▶ _Work instructions_
In the entries below, work out how many lines include "CONTINUOUS", and write only that number.

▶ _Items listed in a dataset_
----------

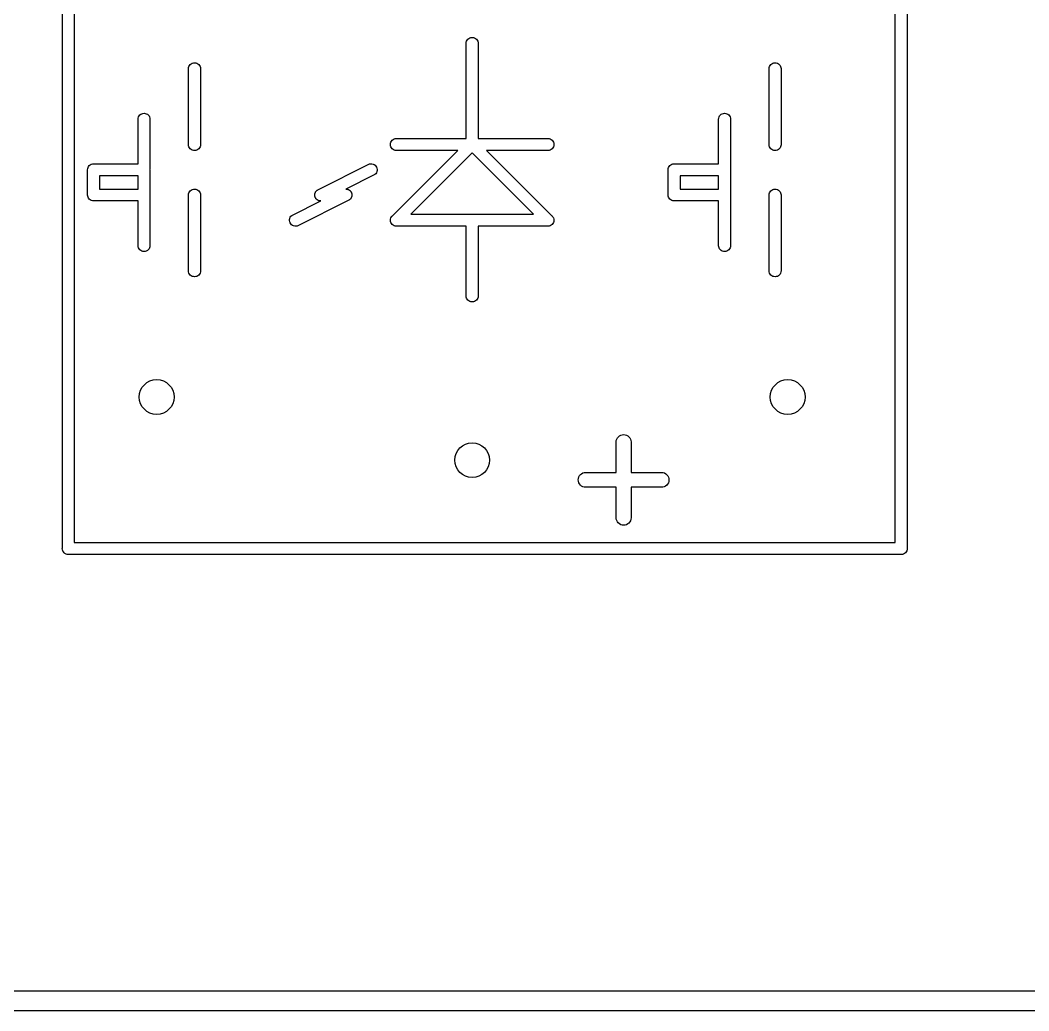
# Model space of a CAD drawing. Extents: x 17 to 176, y -177 to -9.
# Drawn here: x 91.81 to 101.96, y -176.63 to -166.67 of the extents above; entities that cross this region are included whole.
import ezdxf

# ---------------------------------------------------------------- set-up
doc = ezdxf.new("R2010")
doc.units = 0
doc.layers.add('BLACK', color=7, linetype='CONTINUOUS')

msp = doc.modelspace()

# ---------------------------------------------------------------- linework, layer by layer
at = {"layer": 'BLACK', "linetype": 'CONTINUOUS'}
for p, q in [((92.238, -171.977), (92.238, -163.855)), ((92.358, -163.912), (92.358, -171.92)), ((100.62, -171.92), (100.62, -163.912)), ((100.74, -163.855), (100.74, -171.977)), ((96.3063, -166.877), (96.3119, -166.867)), ((96.3119, -166.867), (96.3194, -166.857)), ((96.3194, -166.857), (96.3285, -166.85)), ((96.3285, -166.85), (96.3389, -166.844)), ((96.3389, -166.844), (96.3502, -166.841)), ((96.3502, -166.841), (96.362, -166.84)), ((96.362, -166.84), (96.3738, -166.841)), ((96.3738, -166.841), (96.3851, -166.844)), ((96.3851, -166.844), (96.3955, -166.85)), ((96.3955, -166.85), (96.4046, -166.857)), ((96.4046, -166.857), (96.4121, -166.867)), ((96.4121, -166.867), (96.4177, -166.877)), ((96.302, -166.897), (96.3029, -166.888)), ((96.302, -167.856), (96.302, -166.897)), ((96.3029, -166.888), (96.3063, -166.877)), ((96.4177, -166.877), (96.4211, -166.888)), ((96.4211, -166.888), (96.422, -166.897)), ((96.422, -166.897), (96.422, -167.856)), ((93.508, -167.151), (93.5089, -167.142)), ((93.508, -167.919), (93.508, -167.151)), ((93.5089, -167.142), (93.5123, -167.131)), ((93.5123, -167.131), (93.5179, -167.121)), ((93.5179, -167.121), (93.5254, -167.111)), ((93.5254, -167.111), (93.5345, -167.104)), ((93.5345, -167.104), (93.5449, -167.098)), ((93.5449, -167.098), (93.5562, -167.095)), ((93.5562, -167.095), (93.568, -167.094)), ((93.568, -167.094), (93.5798, -167.095)), ((93.5798, -167.095), (93.5911, -167.098)), ((93.5911, -167.098), (93.6015, -167.104)), ((93.6015, -167.104), (93.6106, -167.111)), ((93.6106, -167.111), (93.6181, -167.121)), ((93.6181, -167.121), (93.6237, -167.131)), ((93.6237, -167.131), (93.6271, -167.142)), ((93.6271, -167.142), (93.628, -167.151)), ((93.628, -167.151), (93.628, -167.919)), ((99.35, -167.151), (99.3509, -167.142)), ((99.35, -167.919), (99.35, -167.151)), ((99.3509, -167.142), (99.3543, -167.131)), ((99.3543, -167.131), (99.3599, -167.121)), ((99.3599, -167.121), (99.3674, -167.111)), ((99.3674, -167.111), (99.3765, -167.104)), ((99.3765, -167.104), (99.3869, -167.098)), ((99.3869, -167.098), (99.3982, -167.095)), ((99.3982, -167.095), (99.41, -167.094)), ((99.41, -167.094), (99.4218, -167.095)), ((99.4218, -167.095), (99.4331, -167.098)), ((99.4331, -167.098), (99.4435, -167.104)), ((99.4435, -167.104), (99.4526, -167.111)), ((99.4526, -167.111), (99.4601, -167.121)), ((99.4601, -167.121), (99.4657, -167.131)), ((99.4657, -167.131), (99.4691, -167.142)), ((99.4691, -167.142), (99.47, -167.151)), ((99.47, -167.151), (99.47, -167.919)), ((93, -167.659), (93.0009, -167.65)), ((93, -168.11), (93, -167.659)), ((93.0009, -167.65), (93.0043, -167.639)), ((93.0043, -167.639), (93.0099, -167.629)), ((93.0099, -167.629), (93.0174, -167.619)), ((93.0174, -167.619), (93.0265, -167.612)), ((93.0265, -167.612), (93.0369, -167.606)), ((93.0369, -167.606), (93.0482, -167.603)), ((93.0482, -167.603), (93.06, -167.602)), ((93.06, -167.602), (93.0718, -167.603)), ((93.0718, -167.603), (93.0831, -167.606)), ((93.0831, -167.606), (93.0935, -167.612)), ((93.0935, -167.612), (93.1026, -167.619)), ((93.1026, -167.619), (93.1101, -167.629)), ((93.1101, -167.629), (93.1157, -167.639)), ((93.1157, -167.639), (93.1191, -167.65)), ((93.1191, -167.65), (93.12, -167.659)), ((93.12, -167.659), (93.12, -168.167)), ((98.842, -167.659), (98.8429, -167.65)), ((98.842, -168.11), (98.842, -167.659)), ((98.8429, -167.65), (98.8463, -167.639)), ((98.8463, -167.639), (98.8519, -167.629)), ((98.8519, -167.629), (98.8594, -167.619)), ((98.8594, -167.619), (98.8685, -167.612)), ((98.8685, -167.612), (98.8789, -167.606)), ((98.8789, -167.606), (98.8902, -167.603)), ((98.8902, -167.603), (98.902, -167.602)), ((98.902, -167.602), (98.9138, -167.603)), ((98.9138, -167.603), (98.9251, -167.606)), ((98.9251, -167.606), (98.9355, -167.612)), ((98.9355, -167.612), (98.9446, -167.619)), ((98.9446, -167.619), (98.9521, -167.629)), ((98.9521, -167.629), (98.9577, -167.639)), ((98.9577, -167.639), (98.9611, -167.65)), ((98.9611, -167.65), (98.962, -167.659)), ((98.962, -167.659), (98.962, -168.167)), ((95.5443, -167.893), (95.5499, -167.883)), ((95.5499, -167.883), (95.5574, -167.873)), ((95.5574, -167.873), (95.5665, -167.866)), ((95.5665, -167.866), (95.5769, -167.86)), ((95.5769, -167.86), (95.5882, -167.857)), ((95.5882, -167.857), (95.5971, -167.856)), ((95.5971, -167.856), (96.302, -167.856)), ((96.422, -167.856), (97.1269, -167.856)), ((97.1269, -167.856), (97.1358, -167.857)), ((97.1358, -167.857), (97.1471, -167.86)), ((97.1471, -167.86), (97.1575, -167.866)), ((97.1575, -167.866), (97.1666, -167.873)), ((97.1666, -167.873), (97.1741, -167.883)), ((97.1741, -167.883), (97.1797, -167.893)), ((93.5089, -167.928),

----------

▶ _Solution to the exercise_
2